All of the microservices I’ve been developing use Cloud Spanner as their data store, so I’ve been playing around with Spanner everyday. In this article, I’ll give an introduction about how to set and use the Spanner priority option to manage your workloads more efficiently.
tl;dr
- Spanner APIs allow you to specify a priority when making a request
- wrench v1.0.4 now allows you to specify a priority when executing DML
- At Merpay, we use a Spinnaker pipeline to execute DML in the production environment
Specifying a priority in Cloud Spanner
Several Cloud Spanner (“Spanner”) APIs allow you to specify a priority during a request (see Introducing Request Priorities for Cloud Spanner APIs | Google Cloud Blog).
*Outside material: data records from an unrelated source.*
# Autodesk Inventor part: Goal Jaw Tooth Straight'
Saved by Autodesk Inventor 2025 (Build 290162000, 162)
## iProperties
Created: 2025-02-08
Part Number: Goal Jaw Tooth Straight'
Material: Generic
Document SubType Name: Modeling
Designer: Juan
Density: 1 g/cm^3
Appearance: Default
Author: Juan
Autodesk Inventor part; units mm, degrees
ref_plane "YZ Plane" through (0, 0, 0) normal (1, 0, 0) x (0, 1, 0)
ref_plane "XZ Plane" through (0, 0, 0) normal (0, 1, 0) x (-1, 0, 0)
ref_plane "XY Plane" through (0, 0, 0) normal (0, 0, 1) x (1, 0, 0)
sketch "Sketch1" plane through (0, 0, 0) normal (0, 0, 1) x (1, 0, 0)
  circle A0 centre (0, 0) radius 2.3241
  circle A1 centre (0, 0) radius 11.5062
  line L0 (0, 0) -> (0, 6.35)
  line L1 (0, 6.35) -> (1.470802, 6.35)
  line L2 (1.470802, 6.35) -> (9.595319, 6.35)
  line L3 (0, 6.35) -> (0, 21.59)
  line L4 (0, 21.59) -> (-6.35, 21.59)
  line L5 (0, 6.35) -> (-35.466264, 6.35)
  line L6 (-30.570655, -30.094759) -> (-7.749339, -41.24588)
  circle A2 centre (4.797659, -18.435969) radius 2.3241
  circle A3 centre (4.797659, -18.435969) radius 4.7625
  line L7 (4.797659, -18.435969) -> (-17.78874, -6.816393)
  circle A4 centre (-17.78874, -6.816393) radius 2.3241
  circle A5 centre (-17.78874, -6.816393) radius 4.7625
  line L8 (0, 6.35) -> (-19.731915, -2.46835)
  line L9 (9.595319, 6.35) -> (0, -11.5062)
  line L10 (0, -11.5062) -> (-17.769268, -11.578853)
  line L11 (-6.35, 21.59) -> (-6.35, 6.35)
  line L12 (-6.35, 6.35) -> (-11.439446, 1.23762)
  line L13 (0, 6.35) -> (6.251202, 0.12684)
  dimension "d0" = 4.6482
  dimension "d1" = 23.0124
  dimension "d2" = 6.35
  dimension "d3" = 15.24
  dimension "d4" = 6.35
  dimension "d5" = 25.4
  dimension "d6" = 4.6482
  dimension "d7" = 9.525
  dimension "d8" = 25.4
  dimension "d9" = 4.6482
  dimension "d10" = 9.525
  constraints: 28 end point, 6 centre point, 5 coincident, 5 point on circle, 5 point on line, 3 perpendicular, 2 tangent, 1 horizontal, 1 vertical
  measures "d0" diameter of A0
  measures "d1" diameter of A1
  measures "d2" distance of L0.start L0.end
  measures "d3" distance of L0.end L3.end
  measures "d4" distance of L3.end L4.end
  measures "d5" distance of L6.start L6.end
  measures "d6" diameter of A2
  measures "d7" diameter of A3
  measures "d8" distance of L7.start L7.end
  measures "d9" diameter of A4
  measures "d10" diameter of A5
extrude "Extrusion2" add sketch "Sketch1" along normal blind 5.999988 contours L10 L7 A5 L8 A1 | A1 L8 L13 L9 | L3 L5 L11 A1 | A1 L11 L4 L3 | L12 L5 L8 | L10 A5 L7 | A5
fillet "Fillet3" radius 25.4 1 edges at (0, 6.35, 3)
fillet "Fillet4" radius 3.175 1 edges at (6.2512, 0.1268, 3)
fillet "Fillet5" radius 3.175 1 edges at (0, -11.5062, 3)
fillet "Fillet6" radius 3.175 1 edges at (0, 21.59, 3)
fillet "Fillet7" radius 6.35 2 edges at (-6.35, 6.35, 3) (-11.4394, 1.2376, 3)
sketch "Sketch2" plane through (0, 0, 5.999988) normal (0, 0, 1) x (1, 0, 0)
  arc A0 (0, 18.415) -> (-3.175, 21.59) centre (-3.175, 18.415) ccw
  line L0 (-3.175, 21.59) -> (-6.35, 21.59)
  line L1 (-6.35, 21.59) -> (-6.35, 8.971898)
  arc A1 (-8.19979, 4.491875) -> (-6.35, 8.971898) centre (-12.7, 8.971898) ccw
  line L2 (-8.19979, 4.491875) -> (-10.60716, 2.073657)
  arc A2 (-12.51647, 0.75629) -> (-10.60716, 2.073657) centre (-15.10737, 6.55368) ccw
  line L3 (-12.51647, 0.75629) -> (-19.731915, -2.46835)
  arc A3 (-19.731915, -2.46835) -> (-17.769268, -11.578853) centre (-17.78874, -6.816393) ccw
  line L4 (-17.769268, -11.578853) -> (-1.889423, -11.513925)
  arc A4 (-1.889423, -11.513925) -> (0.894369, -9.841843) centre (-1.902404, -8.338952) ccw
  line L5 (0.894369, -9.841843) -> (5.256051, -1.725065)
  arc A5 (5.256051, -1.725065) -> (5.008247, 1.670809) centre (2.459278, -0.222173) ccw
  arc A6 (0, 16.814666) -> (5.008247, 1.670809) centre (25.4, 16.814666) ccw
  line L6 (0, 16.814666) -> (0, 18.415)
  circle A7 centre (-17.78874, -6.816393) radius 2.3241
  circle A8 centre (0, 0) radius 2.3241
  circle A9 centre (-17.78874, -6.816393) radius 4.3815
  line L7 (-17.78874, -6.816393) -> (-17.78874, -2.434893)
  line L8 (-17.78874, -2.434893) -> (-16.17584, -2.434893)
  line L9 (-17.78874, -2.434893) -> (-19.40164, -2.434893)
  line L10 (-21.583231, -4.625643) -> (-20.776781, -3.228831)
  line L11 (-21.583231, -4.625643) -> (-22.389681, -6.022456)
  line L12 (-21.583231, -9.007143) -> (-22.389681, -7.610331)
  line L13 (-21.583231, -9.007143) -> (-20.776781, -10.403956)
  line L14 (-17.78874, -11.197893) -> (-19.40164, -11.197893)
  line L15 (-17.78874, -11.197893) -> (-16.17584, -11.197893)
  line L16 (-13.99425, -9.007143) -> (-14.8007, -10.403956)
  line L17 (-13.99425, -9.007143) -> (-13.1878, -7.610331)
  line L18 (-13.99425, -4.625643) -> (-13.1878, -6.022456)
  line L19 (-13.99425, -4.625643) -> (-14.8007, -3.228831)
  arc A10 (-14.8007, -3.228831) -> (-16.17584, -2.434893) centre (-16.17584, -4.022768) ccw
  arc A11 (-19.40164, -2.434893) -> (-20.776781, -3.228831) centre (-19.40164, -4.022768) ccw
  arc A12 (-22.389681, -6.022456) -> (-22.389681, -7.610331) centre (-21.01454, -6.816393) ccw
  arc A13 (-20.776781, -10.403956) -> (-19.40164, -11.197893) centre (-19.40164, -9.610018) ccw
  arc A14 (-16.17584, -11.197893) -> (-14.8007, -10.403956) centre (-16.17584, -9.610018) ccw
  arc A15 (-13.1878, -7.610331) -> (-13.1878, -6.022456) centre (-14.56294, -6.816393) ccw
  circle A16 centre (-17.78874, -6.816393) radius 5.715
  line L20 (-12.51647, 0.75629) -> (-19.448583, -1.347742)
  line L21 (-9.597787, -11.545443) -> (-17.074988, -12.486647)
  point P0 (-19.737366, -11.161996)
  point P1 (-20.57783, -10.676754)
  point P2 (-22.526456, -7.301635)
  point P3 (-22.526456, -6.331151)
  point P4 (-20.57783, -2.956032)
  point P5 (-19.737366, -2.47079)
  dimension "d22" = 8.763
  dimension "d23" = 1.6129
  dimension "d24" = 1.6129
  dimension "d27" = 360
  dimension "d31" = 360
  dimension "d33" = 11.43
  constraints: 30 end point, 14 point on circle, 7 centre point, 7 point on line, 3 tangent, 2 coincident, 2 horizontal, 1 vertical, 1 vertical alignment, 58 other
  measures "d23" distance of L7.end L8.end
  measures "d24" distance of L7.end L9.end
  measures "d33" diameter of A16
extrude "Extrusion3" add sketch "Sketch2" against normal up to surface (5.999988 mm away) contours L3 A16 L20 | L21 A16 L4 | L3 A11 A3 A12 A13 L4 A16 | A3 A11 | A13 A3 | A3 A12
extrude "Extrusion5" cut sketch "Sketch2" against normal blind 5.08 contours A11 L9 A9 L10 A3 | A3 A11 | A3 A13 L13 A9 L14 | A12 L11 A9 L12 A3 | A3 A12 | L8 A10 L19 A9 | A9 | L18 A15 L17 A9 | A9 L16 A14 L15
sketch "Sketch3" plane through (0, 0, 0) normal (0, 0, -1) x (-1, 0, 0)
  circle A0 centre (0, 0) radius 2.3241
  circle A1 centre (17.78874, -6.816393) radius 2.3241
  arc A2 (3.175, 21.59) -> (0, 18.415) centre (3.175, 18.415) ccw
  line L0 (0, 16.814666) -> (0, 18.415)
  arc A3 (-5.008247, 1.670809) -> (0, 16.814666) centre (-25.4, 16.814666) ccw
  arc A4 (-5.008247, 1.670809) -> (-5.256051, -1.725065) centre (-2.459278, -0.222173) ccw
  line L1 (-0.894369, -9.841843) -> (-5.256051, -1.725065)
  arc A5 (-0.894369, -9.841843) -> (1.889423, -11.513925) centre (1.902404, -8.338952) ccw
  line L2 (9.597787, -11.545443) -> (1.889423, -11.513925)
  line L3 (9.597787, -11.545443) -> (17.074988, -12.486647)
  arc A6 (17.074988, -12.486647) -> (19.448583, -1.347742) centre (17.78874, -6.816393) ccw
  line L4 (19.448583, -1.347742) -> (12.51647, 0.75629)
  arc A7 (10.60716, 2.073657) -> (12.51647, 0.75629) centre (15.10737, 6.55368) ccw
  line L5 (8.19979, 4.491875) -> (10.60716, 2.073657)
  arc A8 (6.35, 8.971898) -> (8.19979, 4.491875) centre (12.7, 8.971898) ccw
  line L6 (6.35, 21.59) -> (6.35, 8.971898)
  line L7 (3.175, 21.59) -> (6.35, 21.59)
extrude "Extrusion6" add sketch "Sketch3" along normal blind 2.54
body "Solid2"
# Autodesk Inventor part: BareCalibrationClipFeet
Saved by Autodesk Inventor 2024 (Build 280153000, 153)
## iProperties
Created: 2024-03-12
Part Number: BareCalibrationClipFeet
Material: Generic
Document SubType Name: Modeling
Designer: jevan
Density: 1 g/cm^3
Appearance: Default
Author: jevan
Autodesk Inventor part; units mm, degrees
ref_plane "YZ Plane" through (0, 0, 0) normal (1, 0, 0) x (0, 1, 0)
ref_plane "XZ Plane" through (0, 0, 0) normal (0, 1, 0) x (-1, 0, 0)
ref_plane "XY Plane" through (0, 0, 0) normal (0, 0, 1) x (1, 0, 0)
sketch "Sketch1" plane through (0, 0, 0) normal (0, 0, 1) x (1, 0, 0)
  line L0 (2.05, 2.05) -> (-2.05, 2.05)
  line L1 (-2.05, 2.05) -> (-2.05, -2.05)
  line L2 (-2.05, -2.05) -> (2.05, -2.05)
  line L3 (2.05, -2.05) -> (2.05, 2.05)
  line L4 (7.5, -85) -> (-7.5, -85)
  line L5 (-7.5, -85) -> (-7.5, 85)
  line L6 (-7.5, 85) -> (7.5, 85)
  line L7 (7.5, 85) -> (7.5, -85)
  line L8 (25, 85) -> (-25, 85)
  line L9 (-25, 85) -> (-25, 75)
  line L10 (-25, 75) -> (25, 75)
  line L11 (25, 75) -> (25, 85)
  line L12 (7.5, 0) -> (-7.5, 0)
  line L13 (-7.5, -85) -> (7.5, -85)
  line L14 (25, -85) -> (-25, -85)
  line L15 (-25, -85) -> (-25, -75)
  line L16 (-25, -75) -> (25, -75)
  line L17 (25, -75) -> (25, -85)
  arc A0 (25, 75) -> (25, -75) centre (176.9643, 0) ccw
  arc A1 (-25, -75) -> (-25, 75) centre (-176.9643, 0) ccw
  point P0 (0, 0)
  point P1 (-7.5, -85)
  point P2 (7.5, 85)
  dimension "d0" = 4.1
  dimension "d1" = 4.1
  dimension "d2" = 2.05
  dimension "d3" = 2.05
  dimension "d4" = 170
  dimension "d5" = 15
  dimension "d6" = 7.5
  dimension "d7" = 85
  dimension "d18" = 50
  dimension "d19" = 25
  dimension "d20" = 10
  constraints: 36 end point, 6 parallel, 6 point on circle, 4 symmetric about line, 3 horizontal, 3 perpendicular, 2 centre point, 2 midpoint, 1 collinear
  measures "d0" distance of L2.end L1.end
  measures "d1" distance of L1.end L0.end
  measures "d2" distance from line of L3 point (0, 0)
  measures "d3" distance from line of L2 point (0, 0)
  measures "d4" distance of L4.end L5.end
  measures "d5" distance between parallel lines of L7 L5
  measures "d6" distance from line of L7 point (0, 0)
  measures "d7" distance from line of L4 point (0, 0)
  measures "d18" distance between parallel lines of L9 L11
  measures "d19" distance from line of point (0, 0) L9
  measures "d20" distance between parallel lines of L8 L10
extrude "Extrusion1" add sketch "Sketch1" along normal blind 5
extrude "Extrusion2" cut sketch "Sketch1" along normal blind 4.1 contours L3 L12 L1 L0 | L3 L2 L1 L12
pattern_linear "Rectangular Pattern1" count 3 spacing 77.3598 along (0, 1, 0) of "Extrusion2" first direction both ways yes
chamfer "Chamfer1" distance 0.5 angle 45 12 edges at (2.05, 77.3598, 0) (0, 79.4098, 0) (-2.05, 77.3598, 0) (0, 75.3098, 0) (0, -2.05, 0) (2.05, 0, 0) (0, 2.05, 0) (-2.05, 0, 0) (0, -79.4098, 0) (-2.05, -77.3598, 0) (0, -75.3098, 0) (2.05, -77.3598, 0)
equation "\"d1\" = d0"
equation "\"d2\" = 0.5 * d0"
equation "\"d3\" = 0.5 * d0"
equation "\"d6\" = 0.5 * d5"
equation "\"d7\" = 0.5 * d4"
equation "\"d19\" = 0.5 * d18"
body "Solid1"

The cloud.google.com/go/spanner
Go Spanner client now allows for a priority to be specified (starting with v1.17.0). For example, if using Apply()
, you can use spanner.Priority()
to specify the priority as the third argument (spanner.ApplyOption
), as shown in the sample code below.
import (
"context"
"cloud.google.com/go/spanner"
sppb "google.golang.org/genproto/googleapis/spanner/v1"
)
func ApplyWithMedium(
ctx context.Context,
client *spanner.Client,
ms []*spanner.Mutation,
) error {
_, err := client.Apply(ctx, ms,
spanner.Priority(sppb.RequestOptions_PRIORITY_MEDIUM),
)
return err
}
XxxWithOptions()
methods are also provided, and these can now be used as an option to specify priority. The following sample code uses QueryWithOptions()
.
import (
"context"
"cloud.google.com/go/spanner"
sppb "google.golang.org/genproto/googleapis/spanner/v1"
)
func QueryWithLow(
ctx context.Context,
client *spanner.Client,
stmt spanner.Statement,
) (...) {
iter := db.QueryWithOptions(ctx, stmt, spanner.QueryOptions{
Priority: sppb.RequestOptions_PRIORITY_LOW,
})
defer iter.Stop()
...
}
The default value for priority is sppb.RequestOptions_PRIORITY_UNSPECIFIED
. This is equivalent to sppb.RequestOptions_PRIORITY_HIGH
, and will therefore run a task at high priority if nothing is specified. The priority can be specified as either high, medium, or low. Let’s consider the kinds of situations where you might specify a different priority. The official documentation states the following.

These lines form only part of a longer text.